**** Records for this task

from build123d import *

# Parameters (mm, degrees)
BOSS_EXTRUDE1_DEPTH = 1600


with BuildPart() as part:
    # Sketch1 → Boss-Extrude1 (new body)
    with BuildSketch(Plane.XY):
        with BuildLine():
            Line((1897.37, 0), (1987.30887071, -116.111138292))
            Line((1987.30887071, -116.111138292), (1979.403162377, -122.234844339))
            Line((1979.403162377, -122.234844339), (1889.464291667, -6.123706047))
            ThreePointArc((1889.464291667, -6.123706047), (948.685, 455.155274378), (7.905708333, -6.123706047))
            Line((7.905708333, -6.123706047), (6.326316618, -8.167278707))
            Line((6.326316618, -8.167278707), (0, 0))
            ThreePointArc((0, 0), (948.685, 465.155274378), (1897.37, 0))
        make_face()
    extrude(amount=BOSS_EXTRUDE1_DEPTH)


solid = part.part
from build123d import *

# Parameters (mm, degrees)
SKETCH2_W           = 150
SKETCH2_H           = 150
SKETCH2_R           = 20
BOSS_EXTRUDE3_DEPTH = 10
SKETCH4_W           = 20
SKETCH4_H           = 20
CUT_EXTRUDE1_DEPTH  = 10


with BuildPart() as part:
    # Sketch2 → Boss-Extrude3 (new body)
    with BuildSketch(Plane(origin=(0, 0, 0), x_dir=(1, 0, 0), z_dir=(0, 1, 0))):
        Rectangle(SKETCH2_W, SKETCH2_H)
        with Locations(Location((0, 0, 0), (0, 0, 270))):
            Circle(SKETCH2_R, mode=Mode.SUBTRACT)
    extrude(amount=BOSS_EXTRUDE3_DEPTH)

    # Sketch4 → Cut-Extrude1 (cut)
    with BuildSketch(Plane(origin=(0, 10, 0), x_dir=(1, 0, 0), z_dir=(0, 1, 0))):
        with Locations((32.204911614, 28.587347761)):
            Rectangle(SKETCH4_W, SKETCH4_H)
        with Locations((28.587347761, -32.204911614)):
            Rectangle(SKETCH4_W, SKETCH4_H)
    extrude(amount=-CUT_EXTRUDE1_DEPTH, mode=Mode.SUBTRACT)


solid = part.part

********

Required work |
With nothing added or left out, print the data again.

Your solution |
from build123d import *

# Parameters (mm, degrees)
BOSS_EXTRUDE1_DEPTH = 1600


with BuildPart() as part:
    # Sketch1 → Boss-Extrude1 (new body)
    with BuildSketch(Plane.XY):
        with BuildLine():
            Line((1897.37, 0), (1987.30887071, -116.111138292))
            Line((1987.30887071, -116.111138292), (1979.403162377, -122.234844339))
            Line((1979.403162377, -122.234844339), (1889.464291667, -6.123706047))
            ThreePointArc((1889.464291667, -6.123706047), (948.685, 455.155274378), (7.905708333, -6.123706047))
            Line((7.905708333, -6.123706047), (6.326316618, -8.167278707))
            Line((6.326316618, -8.167278707), (0, 0))
            ThreePointArc((0, 0), (948.685, 465.155274378), (1897.37, 0))
        make_face()
    extrude(amount=BOSS_EXTRUDE1_DEPTH)


solid = part.part
from build123d import *

# Parameters (mm, degrees)
SKETCH2_W           = 150
SKETCH2_H           = 150
SKETCH2_R           = 20
BOSS_EXTRUDE3_DEPTH = 10
SKETCH4_W           = 20
SKETCH4_H           = 20
CUT_EXTRUDE1_DEPTH  = 10


with BuildPart() as part:
    # Sketch2 → Boss-Extrude3 (new body)
    with BuildSketch(Plane(origin=(0, 0, 0), x_dir=(1, 0, 0), z_dir=(0, 1, 0))):
        Rectangle(SKETCH2_W, SKETCH2_H)
        with Locations(Location((0, 0, 0), (0, 0, 270))):
            Circle(SKETCH2_R, mode=Mode.SUBTRACT)
    extrude(amount=BOSS_EXTRUDE3_DEPTH)

    # Sketch4 → Cut-Extrude1 (cut)
    with BuildSketch(Plane(origin=(0, 10, 0), x_dir=(1, 0, 0), z_dir=(0, 1, 0))):
        with Locations((32.204911614, 28.587347761)):
            Rectangle(SKETCH4_W, SKETCH4_H)
        with Locations((28.587347761, -32.204911614)):
            Rectangle(SKETCH4_W, SKETCH4_H)
    extrude(amount=-CUT_EXTRUDE1_DEPTH, mode=Mode.SUBTRACT)


solid = part.part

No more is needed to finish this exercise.